McMaster’s was spewing nonsense. The same was said about the Soviet Union and China when they became nuclear weapons states. North Korea just became one. Conventional deterrence of both sides has worked with North Korea for decades. Nuclear deterrence with North Korea will work just as well as it did with the Soviet and Chinese communists. If North Korea were really not deterrable the U.S. should have nuked it yesterday to minimize the overall risk and damage. It is the McMaster position that is ideological and not rational or “grown up” at all.
Compare that to Steve Bannon’s take on the issue:
“There’s no military solution [to North Korea’s nuclear threats], forget it. Until somebody solves the part of the equation that shows me that ten million people in Seoul don’t die in the first 30 minutes from conventional weapons, I don’t know what you’re talking about, there’s no military solution here, they got us.”
It was indeed the Democratic People’s Republic of Korea which “got” the United States and stopped the U.S. escalation game. It is wrong to think that North Korea “backed off” in the recent upheaval about a missile test targeted next to Guam. It was the U.S. that pulled back from threatening behavior.
Since the end of May the U.S. military trained extensively for decapitation and “preemptive” strikes on North Korea:
Two senior military officials — and two senior retired officers — told NBC News that key to the plan would be a B-1B heavy bomber attack originating from Andersen Air Force Base in Guam.
…
Of the 11 B-1 practice runs since the end of May, four have also involved practice bombing at military ranges in South Korea and Australia.
In response to the B-1B flights North Korea published plans to launch a missile salvo next to the U.S. island of Guam from where those planes started. The announcement included a hidden offer to stop the test if the U.S. would refrain from further B-1B flights. A deal was made during secret negotiations. Since then no more B-1B flights took place and North Korea suspended its Guam test plans. McMaster lost and the sane people, including Steve Bannon, won.

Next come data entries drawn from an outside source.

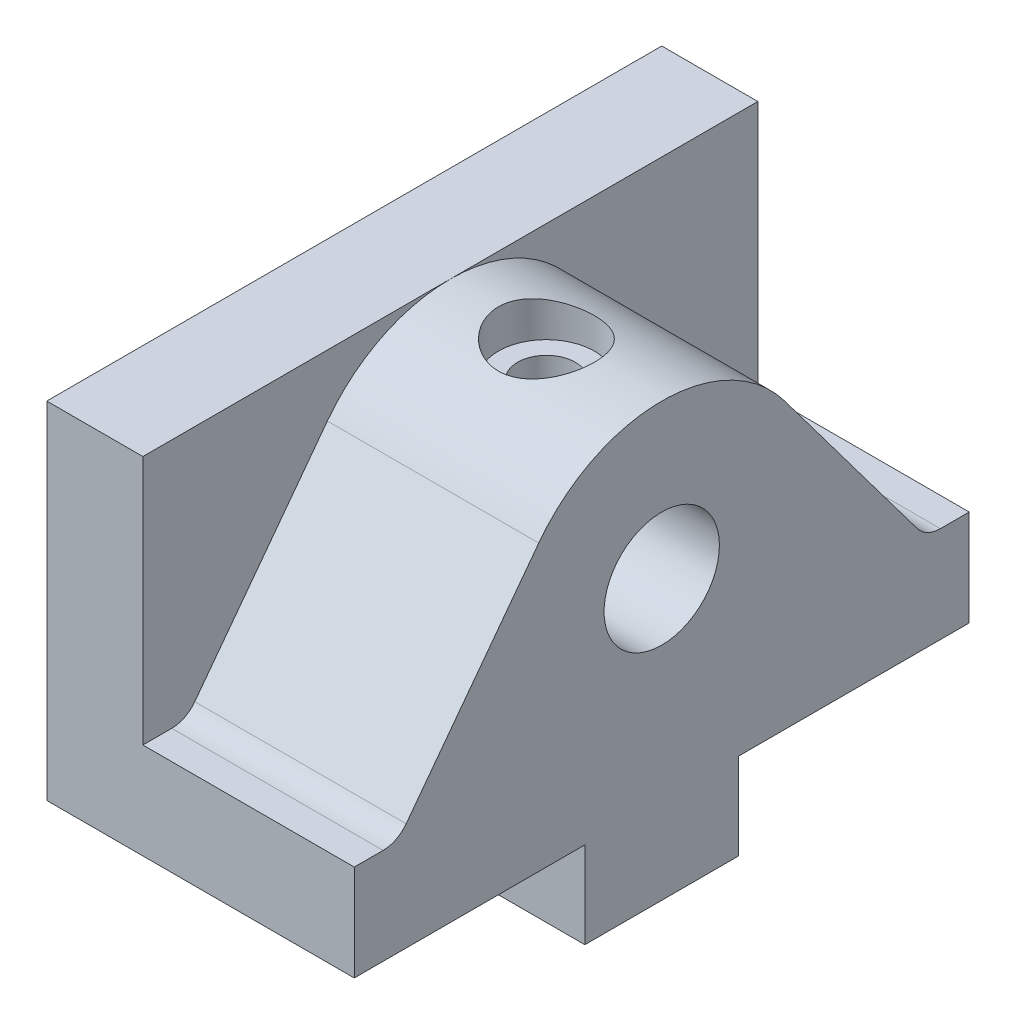
ISO-10303-21;
HEADER;
FILE_DESCRIPTION(('STEP AP214'),'2;1');
FILE_NAME('part.step','',(''),(''),'','','');
FILE_SCHEMA(('AUTOMOTIVE_DESIGN { 1 0 10303 214 1 1 1 1 }'));
ENDSEC;
DATA;
#1=APPLICATION_CONTEXT('core data for automotive mechanical design processes');
#2=APPLICATION_PROTOCOL_DEFINITION('international standard','automotive_design',2000,#1);
#3=PRODUCT_CONTEXT('',#1,'mechanical');
#4=PRODUCT('Part','Part','',(#3));
#5=PRODUCT_RELATED_PRODUCT_CATEGORY('part','',(#4));
#6=PRODUCT_DEFINITION_FORMATION('','',#4);
#7=PRODUCT_DEFINITION_CONTEXT('part definition',#1,'design');
#8=PRODUCT_DEFINITION('design','',#6,#7);
#9=PRODUCT_DEFINITION_SHAPE('','',#8);
#10=(LENGTH_UNIT() NAMED_UNIT(*) SI_UNIT(.MILLI.,.METRE.));
#11=(NAMED_UNIT(*) PLANE_ANGLE_UNIT() SI_UNIT($,.RADIAN.));
#12=(NAMED_UNIT(*) SI_UNIT($,.STERADIAN.) SOLID_ANGLE_UNIT());
#13=UNCERTAINTY_MEASURE_WITH_UNIT(LENGTH_MEASURE(1.E-05),#10,'distance_accuracy_value','');
#14=(GEOMETRIC_REPRESENTATION_CONTEXT(3) GLOBAL_UNCERTAINTY_ASSIGNED_CONTEXT((#13)) GLOBAL_UNIT_ASSIGNED_CONTEXT((#10,
#11,#12)) REPRESENTATION_CONTEXT('',''));
#15=CARTESIAN_POINT('',(0.,0.,0.));
#16=DIRECTION('',(0.,0.,1.));
#17=DIRECTION('',(1.,0.,0.));
#18=AXIS2_PLACEMENT_3D('',#15,#16,#17);
#19=CARTESIAN_POINT('',(10.,0.,0.));
#20=DIRECTION('',(-1.,0.,0.));
#21=DIRECTION('',(0.,0.,1.));
#22=AXIS2_PLACEMENT_3D('',#19,#20,#21);
#23=PLANE('',#22);
#24=DIRECTION('',(0.,0.,1.));
#25=VECTOR('',#24,1.);
#26=CARTESIAN_POINT('',(10.,19.,32.));
#27=LINE('',#26,#25);
#28=CARTESIAN_POINT('',(10.,19.,28.9999992365544));
#29=VERTEX_POINT('',#28);
#30=CARTESIAN_POINT('',(10.,19.,32.));
#31=VERTEX_POINT('',#30);
#32=EDGE_CURVE('E353',#29,#31,#27,.T.);
#33=ORIENTED_EDGE('',*,*,#32,.F.);
#34=CARTESIAN_POINT('',(10.,22.,28.9999992365544));
#35=DIRECTION('',(-1.,0.,0.));
#36=DIRECTION('',(0.,0.,1.));
#37=AXIS2_PLACEMENT_3D('',#34,#35,#36);
#38=CIRCLE('',#37,3.);
#39=CARTESIAN_POINT('',(10.,20.1999990227897,26.5999999694625));
#40=VERTEX_POINT('',#39);
#41=EDGE_CURVE('E69',#29,#40,#38,.F.);
#42=ORIENTED_EDGE('',*,*,#41,.T.);
#43=DIRECTION('',(0.,-0.799999755697321,0.600000325736768));
#44=VECTOR('',#43,1.);
#45=CARTESIAN_POINT('',(10.,19.,27.5));
#46=LINE('',#45,#44);
#47=CARTESIAN_POINT('',(10.,38.6000052117883,12.7999836215391));
#48=VERTEX_POINT('',#47);
#49=EDGE_CURVE('E346',#48,#40,#46,.T.);
#50=ORIENTED_EDGE('',*,*,#49,.F.);
#51=CARTESIAN_POINT('',(10.,29.,-1.24696180030942E-05));
#52=DIRECTION('',(1.,0.,0.));
#53=DIRECTION('',(0.,0.,1.));
#54=AXIS2_PLACEMENT_3D('',#51,#52,#53);
#55=CIRCLE('',#54,16.);
#56=CARTESIAN_POINT('',(10.,45.,-1.24696180030942E-05));
#57=VERTEX_POINT('',#56);
#58=EDGE_CURVE('E241',#57,#48,#55,.T.);
#59=ORIENTED_EDGE('',*,*,#58,.F.);
#60=DIRECTION('',(0.,0.,1.));
#61=VECTOR('',#60,1.);
#62=CARTESIAN_POINT('',(10.,45.,32.));
#63=LINE('',#62,#61);
#64=CARTESIAN_POINT('',(10.,45.,32.));
#65=VERTEX_POINT('',#64);
#66=EDGE_CURVE('E382',#57,#65,#63,.T.);
#67=ORIENTED_EDGE('',*,*,#66,.T.);
#68=DIRECTION('',(0.,-1.,0.));
#69=VECTOR('',#68,1.);
#70=CARTESIAN_POINT('',(10.,8.99999999999999,32.));
#71=LINE('',#70,#69);
#72=EDGE_CURVE('E374',#65,#31,#71,.T.);
#73=ORIENTED_EDGE('',*,*,#72,.T.);
#74=EDGE_LOOP('',(#33,#42,#50,#59,#67,#73));
#75=FACE_BOUND('',#74,.T.);
#76=ADVANCED_FACE('F45',(#75),#23,.F.);
#77=DIRECTION('',(0.,0.799999755697321,0.600000325736768));
#78=VECTOR('',#77,1.);
#79=CARTESIAN_POINT('',(10.,38.620207191916,-12.7848321235907));
#80=LINE('',#79,#78);
#81=CARTESIAN_POINT('',(10.,20.1999990227897,-26.5999999694624));
#82=VERTEX_POINT('',#81);
#83=CARTESIAN_POINT('',(10.,38.620207191916,-12.7848321235907));
#84=VERTEX_POINT('',#83);
#85=EDGE_CURVE('E334',#82,#84,#80,.T.);
#86=ORIENTED_EDGE('',*,*,#85,.F.);
#87=CARTESIAN_POINT('',(10.,22.,-28.9999992365544));
#88=DIRECTION('',(-1.,0.,0.));
#89=DIRECTION('',(0.,0.,1.));
#90=AXIS2_PLACEMENT_3D('',#87,#88,#89);
#91=CIRCLE('',#90,3.);
#92=CARTESIAN_POINT('',(10.,19.,-28.9999992365544));
#93=VERTEX_POINT('',#92);
#94=EDGE_CURVE('E327',#82,#93,#91,.F.);
#95=ORIENTED_EDGE('',*,*,#94,.T.);
#96=DIRECTION('',(0.,0.,1.));
#97=VECTOR('',#96,1.);
#98=CARTESIAN_POINT('',(10.,19.,-27.5));
#99=LINE('',#98,#97);
#100=CARTESIAN_POINT('',(10.,19.,-32.));
#101=VERTEX_POINT('',#100);
#102=EDGE_CURVE('E342',#101,#93,#99,.T.);
#103=ORIENTED_EDGE('',*,*,#102,.F.);
#104=DIRECTION('',(0.,1.,0.));
#105=VECTOR('',#104,1.);
#106=CARTESIAN_POINT('',(10.,45.,-32.));
#107=LINE('',#106,#105);
#108=CARTESIAN_POINT('',(10.,45.,-32.));
#109=VERTEX_POINT('',#108);
#110=EDGE_CURVE('E378',#101,#109,#107,.T.);
#111=ORIENTED_EDGE('',*,*,#110,.T.);
#112=EDGE_CURVE('E383',#109,#57,#63,.T.);
#113=ORIENTED_EDGE('',*,*,#112,.T.);
#114=EDGE_CURVE('E339',#84,#57,#55,.T.);
#115=ORIENTED_EDGE('',*,*,#114,.F.);
#116=EDGE_LOOP('',(#86,#95,#103,#111,#113,#115));
#117=FACE_BOUND('',#116,.T.);
#118=ADVANCED_FACE('F264',(#117),#23,.F.);
#119=CARTESIAN_POINT('',(10.,8.99999999999999,32.));
#120=DIRECTION('',(0.,0.,-1.));
#121=DIRECTION('',(-1.,0.,0.));
#122=AXIS2_PLACEMENT_3D('',#119,#120,#121);
#123=PLANE('',#122);
#124=DIRECTION('',(0.,-1.,0.));
#125=VECTOR('',#124,1.);
#126=CARTESIAN_POINT('',(0.,8.99999999999999,32.));
#127=LINE('',#126,#125);
#128=CARTESIAN_POINT('',(0.,45.,32.));
#129=VERTEX_POINT('',#128);
#130=CARTESIAN_POINT('',(0.,8.99999999999999,32.));
#131=VERTEX_POINT('',#130);
#132=EDGE_CURVE('E373',#129,#131,#127,.T.);
#133=ORIENTED_EDGE('',*,*,#132,.T.);
#134=DIRECTION('',(-1.,0.,0.));
#135=VECTOR('',#134,1.);
#136=CARTESIAN_POINT('',(10.,8.99999999999999,32.));
#137=LINE('',#136,#135);
#138=CARTESIAN_POINT('',(32.,8.99999999999999,32.));
#139=VERTEX_POINT('',#138);
#140=EDGE_CURVE('E242',#139,#131,#137,.T.);
#141=ORIENTED_EDGE('',*,*,#140,.F.);
#142=DIRECTION('',(0.,-1.,0.));
#143=VECTOR('',#142,1.);
#144=CARTESIAN_POINT('',(32.,19.,32.));
#145=LINE('',#144,#143);
#146=CARTESIAN_POINT('',(32.,19.,32.));
#147=VERTEX_POINT('',#146);
#148=EDGE_CURVE('E454',#147,#139,#145,.T.);
#149=ORIENTED_EDGE('',*,*,#148,.F.);
#150=DIRECTION('',(-1.,0.,0.));
#151=VECTOR('',#150,1.);
#152=CARTESIAN_POINT('',(32.,19.,32.));
#153=LINE('',#152,#151);
#154=EDGE_CURVE('E357',#147,#31,#153,.T.);
#155=ORIENTED_EDGE('',*,*,#154,.T.);
#156=ORIENTED_EDGE('',*,*,#72,.F.);
#157=DIRECTION('',(-1.,0.,0.));
#158=VECTOR('',#157,1.);
#159=CARTESIAN_POINT('',(10.,45.,32.));
#160=LINE('',#159,#158);
#161=EDGE_CURVE('E386',#65,#129,#160,.T.);
#162=ORIENTED_EDGE('',*,*,#161,.T.);
#163=EDGE_LOOP('',(#133,#141,#149,#155,#156,#162));
#164=FACE_BOUND('',#163,.T.);
#165=ADVANCED_FACE('F295',(#164),#123,.F.);
#166=CARTESIAN_POINT('',(10.,9.,8.));
#167=DIRECTION('',(0.,1.,0.));
#168=DIRECTION('',(0.,0.,1.));
#169=AXIS2_PLACEMENT_3D('',#166,#167,#168);
#170=PLANE('',#169);
#171=DIRECTION('',(0.,0.,-1.));
#172=VECTOR('',#171,1.);
#173=CARTESIAN_POINT('',(0.,9.,8.));
#174=LINE('',#173,#172);
#175=CARTESIAN_POINT('',(0.,9.,8.));
#176=VERTEX_POINT('',#175);
#177=EDGE_CURVE('E390',#131,#176,#174,.T.);
#178=ORIENTED_EDGE('',*,*,#177,.T.);
#179=DIRECTION('',(-1.,0.,0.));
#180=VECTOR('',#179,1.);
#181=CARTESIAN_POINT('',(10.,9.,8.));
#182=LINE('',#181,#180);
#183=CARTESIAN_POINT('',(32.,9.,8.));
#184=VERTEX_POINT('',#183);
#185=EDGE_CURVE('E432',#184,#176,#182,.T.);
#186=ORIENTED_EDGE('',*,*,#185,.F.);
#187=DIRECTION('',(0.,0.,-1.));
#188=VECTOR('',#187,1.);
#189=CARTESIAN_POINT('',(32.,8.99999999999999,32.));
#190=LINE('',#189,#188);
#191=EDGE_CURVE('E462',#139,#184,#190,.T.);
#192=ORIENTED_EDGE('',*,*,#191,.F.);
#193=ORIENTED_EDGE('',*,*,#140,.T.);
#194=EDGE_LOOP('',(#178,#186,#192,#193));
#195=FACE_BOUND('',#194,.T.);
#196=ADVANCED_FACE('F291',(#195),#170,.F.);
#197=CARTESIAN_POINT('',(10.,0.,8.));
#198=DIRECTION('',(0.,0.,-1.));
#199=DIRECTION('',(-1.,0.,0.));
#200=AXIS2_PLACEMENT_3D('',#197,#198,#199);
#201=PLANE('',#200);
#202=DIRECTION('',(0.,-1.,0.));
#203=VECTOR('',#202,1.);
#204=CARTESIAN_POINT('',(0.,0.,8.));
#205=LINE('',#204,#203);
#206=CARTESIAN_POINT('',(0.,0.,8.));
#207=VERTEX_POINT('',#206);
#208=EDGE_CURVE('E393',#176,#207,#205,.T.);
#209=ORIENTED_EDGE('',*,*,#208,.T.);
#210=DIRECTION('',(-1.,0.,0.));
#211=VECTOR('',#210,1.);
#212=CARTESIAN_POINT('',(10.,0.,8.));
#213=LINE('',#212,#211);
#214=CARTESIAN_POINT('',(32.,0.,8.));
#215=VERTEX_POINT('',#214);
#216=EDGE_CURVE('E429',#215,#207,#213,.T.);
#217=ORIENTED_EDGE('',*,*,#216,.F.);
#218=DIRECTION('',(0.,-1.,0.));
#219=VECTOR('',#218,1.);
#220=CARTESIAN_POINT('',(32.,9.,8.));
#221=LINE('',#220,#219);
#222=EDGE_CURVE('E466',#184,#215,#221,.T.);
#223=ORIENTED_EDGE('',*,*,#222,.F.);
#224=ORIENTED_EDGE('',*,*,#185,.T.);
#225=EDGE_LOOP('',(#209,#217,#223,#224));
#226=FACE_BOUND('',#225,.T.);
#227=ADVANCED_FACE('F287',(#226),#201,.F.);
#228=CARTESIAN_POINT('',(10.,0.,-8.));
#229=DIRECTION('',(0.,1.,0.));
#230=DIRECTION('',(0.,0.,1.));
#231=AXIS2_PLACEMENT_3D('',#228,#229,#230);
#232=PLANE('',#231);
#233=CARTESIAN_POINT('',(8.,0.,0.));
#234=DIRECTION('',(0.,-1.,0.));
#235=DIRECTION('',(0.,0.,-1.));
#236=AXIS2_PLACEMENT_3D('',#233,#234,#235);
#237=CIRCLE('',#236,2.99999999999999);
#238=CARTESIAN_POINT('',(8.,0.,-2.99999999999999));
#239=VERTEX_POINT('',#238);
#240=EDGE_CURVE('E178',#239,#239,#237,.T.);
#241=ORIENTED_EDGE('',*,*,#240,.F.);
#242=EDGE_LOOP('',(#241));
#243=FACE_BOUND('',#242,.T.);
#244=CARTESIAN_POINT('',(24.,0.,0.));
#245=DIRECTION('',(0.,-1.,0.));
#246=DIRECTION('',(0.,0.,-1.));
#247=AXIS2_PLACEMENT_3D('',#244,#245,#246);
#248=CIRCLE('',#247,2.99999999999999);
#249=CARTESIAN_POINT('',(24.,0.,-2.99999999999999));
#250=VERTEX_POINT('',#249);
#251=EDGE_CURVE('E177',#250,#250,#248,.T.);
#252=ORIENTED_EDGE('',*,*,#251,.F.);
#253=EDGE_LOOP('',(#252));
#254=FACE_BOUND('',#253,.T.);
#255=DIRECTION('',(0.,0.,-1.));
#256=VECTOR('',#255,1.);
#257=CARTESIAN_POINT('',(0.,0.,-8.));
#258=LINE('',#257,#256);
#259=CARTESIAN_POINT('',(0.,0.,-8.));
#260=VERTEX_POINT('',#259);
#261=EDGE_CURVE('E396',#207,#260,#258,.T.);
#262=ORIENTED_EDGE('',*,*,#261,.T.);
#263=DIRECTION('',(-1.,0.,0.));
#264=VECTOR('',#263,1.);
#265=CARTESIAN_POINT('',(10.,0.,-8.));
#266=LINE('',#265,#264);
#267=CARTESIAN_POINT('',(32.,0.,-8.));
#268=VERTEX_POINT('',#267);
#269=EDGE_CURVE('E425',#268,#260,#266,.T.);
#270=ORIENTED_EDGE('',*,*,#269,.F.);
#271=DIRECTION('',(0.,0.,-1.));
#272=VECTOR('',#271,1.);
#273=CARTESIAN_POINT('',(32.,0.,8.));
#274=LINE('',#273,#272);
#275=EDGE_CURVE('E470',#215,#268,#274,.T.);
#276=ORIENTED_EDGE('',*,*,#275,.F.);
#277=ORIENTED_EDGE('',*,*,#216,.T.);
#278=EDGE_LOOP('',(#262,#270,#276,#277));
#279=FACE_BOUND('',#278,.T.);
#280=ADVANCED_FACE('F283',(#243,#254,#279),#232,.F.);
#281=CARTESIAN_POINT('',(10.,9.,-8.));
#282=DIRECTION('',(0.,0.,1.));
#283=DIRECTION('',(1.,0.,0.));
#284=AXIS2_PLACEMENT_3D('',#281,#282,#283);
#285=PLANE('',#284);
#286=DIRECTION('',(0.,1.,0.));
#287=VECTOR('',#286,1.);
#288=CARTESIAN_POINT('',(0.,9.,-8.));
#289=LINE('',#288,#287);
#290=CARTESIAN_POINT('',(0.,9.,-8.));
#291=VERTEX_POINT('',#290);
#292=EDGE_CURVE('E399',#260,#291,#289,.T.);
#293=ORIENTED_EDGE('',*,*,#292,.T.);
#294=DIRECTION('',(-1.,0.,0.));
#295=VECTOR('',#294,1.);
#296=CARTESIAN_POINT('',(10.,9.,-8.));
#297=LINE('',#296,#295);
#298=CARTESIAN_POINT('',(32.,9.,-8.));
#299=VERTEX_POINT('',#298);
#300=EDGE_CURVE('E421',#299,#291,#297,.T.);
#301=ORIENTED_EDGE('',*,*,#300,.F.);
#302=DIRECTION('',(0.,1.,0.));
#303=VECTOR('',#302,1.);
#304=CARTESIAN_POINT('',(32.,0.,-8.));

But what about Bannon’s “ethno-nationalist” ideology? Isn’t he responsible for the right-wing nutters of Charlottesville conflict? Isn’t he one of them?
He dismissed the far right as irrelevant and sidestepped his own role in cultivating it: “Ethno-nationalism—it’s losers. It’s a fringe element. I think the media plays it up too much, and we gotta help crush it, you know, uh, help crush it more.”“These guys are a collection of clowns,” he added.
Bannon sees China as an economic enemy and wants to escalate an economic conflict with it. He is said to be against the nuclear deal with Iran. The generals in Trump’s cabinet are all anti-Iran hawks. As Bannon now turns out to be a realist on North Korea, I am not sure what real position on Iran is.
Domestically Bannon is pulling the Democrats into the very trap I had several times warned against:
“The Democrats,” he said, “the longer they talk about identity politics, I got ’em. I want them to talk about racism every day. If the left is focused on race and identity, and we go with economic nationalism, we can crush the Democrats.”
This worked well during the presidential election and might continue to work for Trump. As long as the Democrats do not come up with, and fight for, sane economic polices they will continue to lose elections. The people are not interested in LGBT access to this or that bathroom. They are interested in universal healthcare, in personal and economic security. They are unlikely to get such under Bannon and Trump. But, unlike the Democrats, the current White House crew at least claim to have plans to achieve it.